3 thoughts on “Investment Portfolios Update, January 2022”

  1. Richard of Sussex

    Hi Mark,
    Great blog as usual, and hope you too had a happy xmas/ New Year period.

    I like your new site format; it’s very neat to be able to click straight to the latest updates from the P2P Panel.
    Like yourself, I’m still very happy with CP and KL, easily my two biggest investments. And I’ve also noticed the lag-phase for UB investments has improved.
    Fortunately, I’m almost fully out of AC; there have been far too many defaults from the small/ medium businesses, particularly in the hospitality sector. Very sad for those concerned.
    Regarding EM, my only concern is the lack of diversification. I note that your £20k in EM is spread over 14 loans, averaging at over £1,400 per loan. To me that sounds rather a lot, especially as there’s not a huge amount of info on each loan. Anyway, I’m just holding £1k in EM at the mo.

    One day soon I will look carefully at your whisky recommendation (and use your link), but I’ll have to persuade her indoors first. She totally gets property and P2P, but not investing in whisky!

    Thanks again, and all the best for 2022. Richard of Sussex

    1. Hi Richard,

      Thanks for the kind words, it means a lot that you took the time to comment.

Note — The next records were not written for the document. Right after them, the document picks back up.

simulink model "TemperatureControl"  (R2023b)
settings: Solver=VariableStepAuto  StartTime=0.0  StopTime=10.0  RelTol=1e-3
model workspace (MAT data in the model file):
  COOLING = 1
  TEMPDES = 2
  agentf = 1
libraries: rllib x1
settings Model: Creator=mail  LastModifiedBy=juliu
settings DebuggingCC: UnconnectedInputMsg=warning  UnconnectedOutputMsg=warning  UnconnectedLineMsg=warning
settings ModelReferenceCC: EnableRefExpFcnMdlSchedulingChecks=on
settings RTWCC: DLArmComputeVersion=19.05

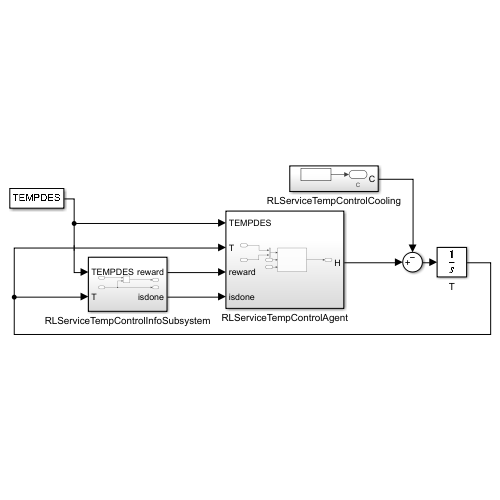
[thumbnail: Simulink's stored preview of the top-level diagram]
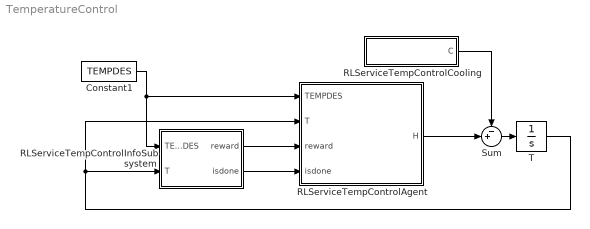
== system TemperatureControl ==
  Constant1 : Constant  Value=TEMPDES
  RLServiceTempControlAgent : Subsystem
  RLServiceTempControlCooling : Subsystem
  RLServiceTempControlInfoSubsystem : Subsystem
  Sum : Sum  Inputs=-+|
  T : Integrator
  wires:
  Sum/1 -> T/1
  T/1 -> RLServiceTempControlInfoSubsystem/2(T), RLServiceTempControlAgent/2(T)
  Constant1/1 -> RLServiceTempControlInfoSubsystem/1(TEMPDES), RLServiceTempControlAgent/1(TEMPDES)
  RLServiceTempControlInfoSubsystem/1(reward) -> RLServiceTempControlAgent/3(reward)
  RLServiceTempControlInfoSubsystem/2(isdone) -> RLServiceTempControlAgent/4(isdone)
  RLServiceTempControlAgent/1(H) -> Sum/2
  RLServiceTempControlCooling/1(C) -> Sum/1

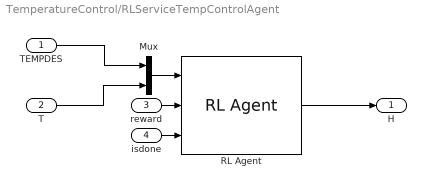
== system TemperatureControl/RLServiceTempControlAgent ==
  TEMPDES : Inport
  T : Inport  Port=2
  reward : Inport  Port=3
  isdone : Inport  Port=4
  Mux : Mux  Inputs=2
  RL Agent : rllib/RL Agent  Agent=agentf  ExternalActionAsInput=off  ProvideCumRwd=off  TreatAsDirectFeedthrough=on
  H : Outport
  wires:
  T/1 -> Mux/2
  isdone/1 -> RL Agent/3
  reward/1 -> RL Agent/2
  RL Agent/1 -> H/1
  TEMPDES/1 -> Mux/1
  Mux/1 -> RL Agent/1

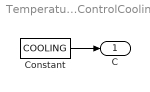
== system TemperatureControl/RLServiceTempControlCooling ==
  Constant : Constant  Value=COOLING
  C : Outport
  wires:
  Constant/1 -> C/1

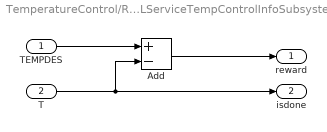
== system TemperatureControl/RLServiceTempControlInfoSubsystem ==
  TEMPDES : Inport
  T : Inport  Port=2
  Add : Sum  Inputs=+-
  reward : Outport
  isdone : Outport  Port=2
  wires:
  T/1 -> Add/2, isdone/1
  TEMPDES/1 -> Add/1
  Add/1 -> reward/1
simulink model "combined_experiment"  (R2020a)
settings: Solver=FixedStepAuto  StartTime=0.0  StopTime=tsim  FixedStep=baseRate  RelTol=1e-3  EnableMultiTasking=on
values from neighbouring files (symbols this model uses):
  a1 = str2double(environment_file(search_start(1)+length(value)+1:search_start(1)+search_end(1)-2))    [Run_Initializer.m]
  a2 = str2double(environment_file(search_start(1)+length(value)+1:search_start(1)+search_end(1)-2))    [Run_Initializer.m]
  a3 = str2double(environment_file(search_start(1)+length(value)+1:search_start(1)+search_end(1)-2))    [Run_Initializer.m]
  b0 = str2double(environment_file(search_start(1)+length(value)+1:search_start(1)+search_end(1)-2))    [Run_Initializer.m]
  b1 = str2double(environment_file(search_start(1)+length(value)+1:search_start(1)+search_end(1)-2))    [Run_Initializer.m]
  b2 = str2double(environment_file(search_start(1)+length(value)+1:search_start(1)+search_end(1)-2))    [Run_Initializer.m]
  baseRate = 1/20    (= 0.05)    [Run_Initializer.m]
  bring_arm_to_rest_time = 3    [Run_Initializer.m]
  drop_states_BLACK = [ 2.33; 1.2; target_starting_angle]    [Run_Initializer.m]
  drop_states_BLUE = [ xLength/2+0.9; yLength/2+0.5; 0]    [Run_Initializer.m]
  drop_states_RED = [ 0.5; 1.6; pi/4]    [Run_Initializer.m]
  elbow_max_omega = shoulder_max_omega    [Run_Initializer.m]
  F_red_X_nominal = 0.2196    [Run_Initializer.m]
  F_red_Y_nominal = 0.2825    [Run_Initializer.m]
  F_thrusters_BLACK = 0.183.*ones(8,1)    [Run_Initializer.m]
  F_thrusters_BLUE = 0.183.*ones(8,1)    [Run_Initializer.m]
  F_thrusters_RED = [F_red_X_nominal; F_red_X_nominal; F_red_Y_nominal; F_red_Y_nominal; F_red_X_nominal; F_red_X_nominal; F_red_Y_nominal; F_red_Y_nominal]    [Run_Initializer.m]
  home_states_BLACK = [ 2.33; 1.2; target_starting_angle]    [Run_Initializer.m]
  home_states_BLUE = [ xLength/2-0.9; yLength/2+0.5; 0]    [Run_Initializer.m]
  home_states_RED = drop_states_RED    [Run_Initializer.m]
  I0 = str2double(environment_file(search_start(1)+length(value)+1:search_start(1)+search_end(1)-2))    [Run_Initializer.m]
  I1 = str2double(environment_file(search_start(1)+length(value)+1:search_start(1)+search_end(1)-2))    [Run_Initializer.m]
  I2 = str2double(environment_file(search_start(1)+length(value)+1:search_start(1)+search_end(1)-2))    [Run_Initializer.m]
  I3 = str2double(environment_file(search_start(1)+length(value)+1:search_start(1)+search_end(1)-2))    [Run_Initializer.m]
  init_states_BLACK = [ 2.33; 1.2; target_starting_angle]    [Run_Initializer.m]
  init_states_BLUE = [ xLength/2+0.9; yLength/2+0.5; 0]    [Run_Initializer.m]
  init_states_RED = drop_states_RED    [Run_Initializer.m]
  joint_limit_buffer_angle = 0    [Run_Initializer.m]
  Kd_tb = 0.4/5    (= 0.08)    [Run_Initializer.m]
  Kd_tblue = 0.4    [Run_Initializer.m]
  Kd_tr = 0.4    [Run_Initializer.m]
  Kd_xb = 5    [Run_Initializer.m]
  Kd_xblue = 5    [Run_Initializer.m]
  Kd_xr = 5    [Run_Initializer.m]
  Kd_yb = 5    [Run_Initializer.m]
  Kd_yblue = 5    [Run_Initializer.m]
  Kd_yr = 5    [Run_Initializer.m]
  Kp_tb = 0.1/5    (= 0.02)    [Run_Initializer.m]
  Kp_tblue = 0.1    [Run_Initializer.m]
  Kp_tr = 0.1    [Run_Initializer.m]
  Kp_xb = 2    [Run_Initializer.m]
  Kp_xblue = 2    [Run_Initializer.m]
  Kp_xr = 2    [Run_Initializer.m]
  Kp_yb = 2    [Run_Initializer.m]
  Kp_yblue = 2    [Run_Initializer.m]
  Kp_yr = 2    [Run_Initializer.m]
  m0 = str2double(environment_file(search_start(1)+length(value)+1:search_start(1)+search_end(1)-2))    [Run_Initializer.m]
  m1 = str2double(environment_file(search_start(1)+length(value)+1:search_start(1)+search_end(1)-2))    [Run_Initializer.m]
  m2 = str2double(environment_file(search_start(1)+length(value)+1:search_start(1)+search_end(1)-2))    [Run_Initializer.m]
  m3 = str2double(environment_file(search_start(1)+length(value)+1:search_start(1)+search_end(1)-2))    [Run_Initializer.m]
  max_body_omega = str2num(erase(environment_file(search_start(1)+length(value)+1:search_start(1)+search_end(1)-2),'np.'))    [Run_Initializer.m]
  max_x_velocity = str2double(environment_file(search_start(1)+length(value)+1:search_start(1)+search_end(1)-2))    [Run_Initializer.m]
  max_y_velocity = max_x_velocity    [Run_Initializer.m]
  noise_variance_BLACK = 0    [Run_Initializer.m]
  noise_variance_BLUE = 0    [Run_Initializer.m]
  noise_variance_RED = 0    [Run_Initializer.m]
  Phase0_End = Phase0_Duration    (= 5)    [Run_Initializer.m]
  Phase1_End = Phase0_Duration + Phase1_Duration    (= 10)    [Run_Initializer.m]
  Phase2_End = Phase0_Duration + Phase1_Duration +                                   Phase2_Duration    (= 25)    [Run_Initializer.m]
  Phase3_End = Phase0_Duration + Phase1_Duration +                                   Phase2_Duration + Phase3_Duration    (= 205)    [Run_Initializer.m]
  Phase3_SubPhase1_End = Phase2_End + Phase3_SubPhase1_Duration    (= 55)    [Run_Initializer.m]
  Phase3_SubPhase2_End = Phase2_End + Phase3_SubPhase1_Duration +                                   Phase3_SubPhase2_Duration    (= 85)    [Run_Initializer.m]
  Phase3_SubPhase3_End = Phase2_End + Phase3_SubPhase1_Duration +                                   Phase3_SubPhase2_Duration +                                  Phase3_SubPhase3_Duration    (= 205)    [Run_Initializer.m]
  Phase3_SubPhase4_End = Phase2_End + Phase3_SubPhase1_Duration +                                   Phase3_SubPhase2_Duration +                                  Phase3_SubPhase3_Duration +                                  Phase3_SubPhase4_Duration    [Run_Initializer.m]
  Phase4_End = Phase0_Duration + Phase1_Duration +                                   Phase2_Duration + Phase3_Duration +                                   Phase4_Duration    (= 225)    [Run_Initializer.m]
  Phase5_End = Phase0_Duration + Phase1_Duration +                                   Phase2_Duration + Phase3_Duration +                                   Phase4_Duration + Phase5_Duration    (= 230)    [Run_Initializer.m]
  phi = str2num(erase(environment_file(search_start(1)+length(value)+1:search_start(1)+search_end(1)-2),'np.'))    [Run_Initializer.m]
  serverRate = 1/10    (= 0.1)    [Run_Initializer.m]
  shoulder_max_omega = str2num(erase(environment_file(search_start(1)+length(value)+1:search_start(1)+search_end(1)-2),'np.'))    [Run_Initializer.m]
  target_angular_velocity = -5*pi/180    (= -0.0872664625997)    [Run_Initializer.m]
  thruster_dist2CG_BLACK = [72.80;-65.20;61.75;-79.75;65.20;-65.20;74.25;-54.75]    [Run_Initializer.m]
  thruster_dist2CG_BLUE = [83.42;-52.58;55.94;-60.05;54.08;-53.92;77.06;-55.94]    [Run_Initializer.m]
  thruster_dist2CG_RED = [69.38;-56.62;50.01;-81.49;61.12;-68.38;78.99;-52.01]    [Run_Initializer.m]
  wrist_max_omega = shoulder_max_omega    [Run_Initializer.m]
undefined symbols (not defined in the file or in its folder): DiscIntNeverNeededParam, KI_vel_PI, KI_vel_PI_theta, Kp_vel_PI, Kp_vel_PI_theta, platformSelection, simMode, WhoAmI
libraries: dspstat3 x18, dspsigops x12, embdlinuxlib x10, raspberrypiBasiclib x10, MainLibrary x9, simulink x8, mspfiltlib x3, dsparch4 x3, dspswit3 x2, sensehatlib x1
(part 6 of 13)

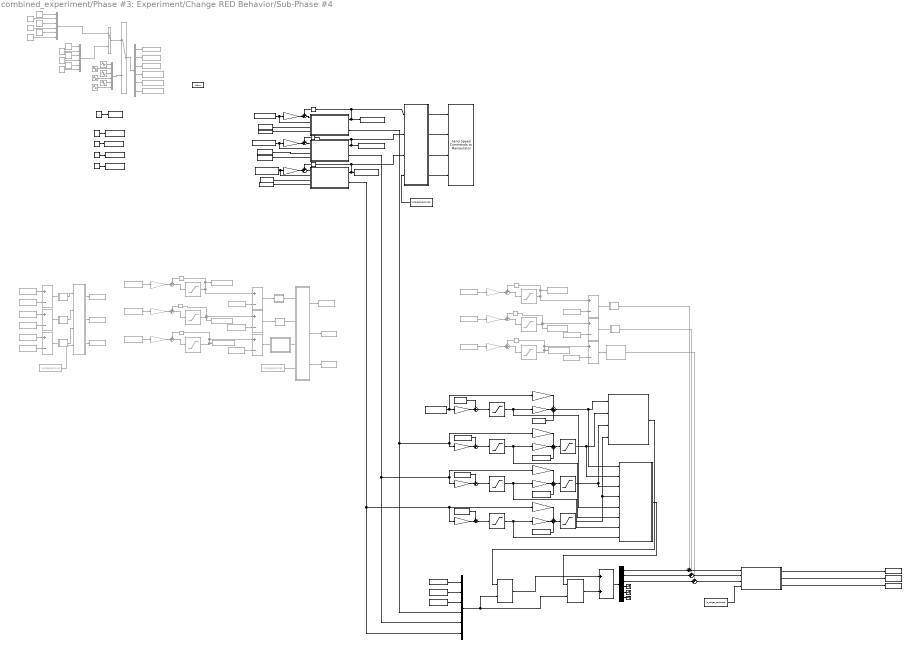
== system combined_experiment/Phase #3: Experiment/Change RED Behavior/Sub-Phase #4 ==
  note: desired q0
  note: desired q0_dot
      | (saturated)
  note: ARM Control Law - RED
  note: Acceleration-integral control law
  note: Additional Blocks
  note: Additional blocks are stored above. Note that to control attitude using the RW, simply replace RED_Tz with RED_Tz_RW.
  note: A simple PD control law is used here to command the platform to it's initial position, as defined in the initializer.
  note: This section is reserved for any control law for the robotic manipulator.
  note: Integrate and saturate acceleration signals to get desired velocities
  note: Velocity-PI control law
  note: Actually control it here
  note: Feedforward control
  note: desired q1_dot
      | (saturated)
  note: desired q1
  note: desired q2_dot
      | (saturated)
  note: desired q2
  note: desired q3_dot
      | (saturated)
  note: desired q3
  note: Velocity-PI control law
  note: Actually control it here
  note: OPTIONAL ADDITIONAL FEEDBACK VELOCITY PROPORTIONAL CONTROL
  Action Port : ActionPort  ActionPortLabel=elseif( u1 < u5)
  Check limits : MATLAB Function  TreatAsAtomicUnit=on
  Check limits1 : MATLAB Function  TreatAsAtomicUnit=on
  Check limits2 : MATLAB Function  TreatAsAtomicUnit=on
  Constant : Constant  Commented=on  Value=0.01
  Constant{1,4..6} (4 alike) : Constant  Value=0
  Constant2 : Constant  Commented=on  Value=-0.005
  Constant3 : Constant  Commented=on  Value=0.015
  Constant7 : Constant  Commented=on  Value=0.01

      I too looked at the low diversification when I was first assessing EasyMoney. I came to the conclusions though that: 1. they have never had a default in their history (even through COVID their loans have mostly paid on time), and 2. the loans are very well vetted with reasonable LTV’s. I took a look at all of the loans they put me in to and nothing worries me. I could sell out if so. So overall I’m very comfortable and happy with the investment for now, even with that level of diversification. Even with Loanpad the diversification is lower, but again their loans are so well vetted with excellent security, I don’t worry about it.

      On the Whisky investment; I hear ya about “her indoors”. I tell my lady that I own £13k of whisky, plus I’m look at putting a lot more into it over the next year or so. She’s fine as long as it’s kept in a different location to where I’m at. If I were to tell her I’m storing it in the garage, that would be a no-go for sure, because she knows me 🙂

  2. Happy New Year to you, Mark.

    Glad to see the January review — I think I’m addicted to your excellent posts! I’m one of those creatures of habit, so help me, and therefore did really enjoy the ‘old format’ but totally appreciate why you’ve changed the format of your updates. I’m still a fan!

    I am still thinking Crypto over (mostly because “him indoors” isn’t too keen)… ironically, I had an opportunity to invest in Bitcoin when it first became available (a long time ago). Feel like a fool now. And I probably will feel like a fool again in a few years’ time if I don’t step off the safety bridge and leap into the Crypto sea. Who knows. But I shall continue to enjoy news of your success with it.

    Keep up the good work, and all the best for a successful and healthy 20222.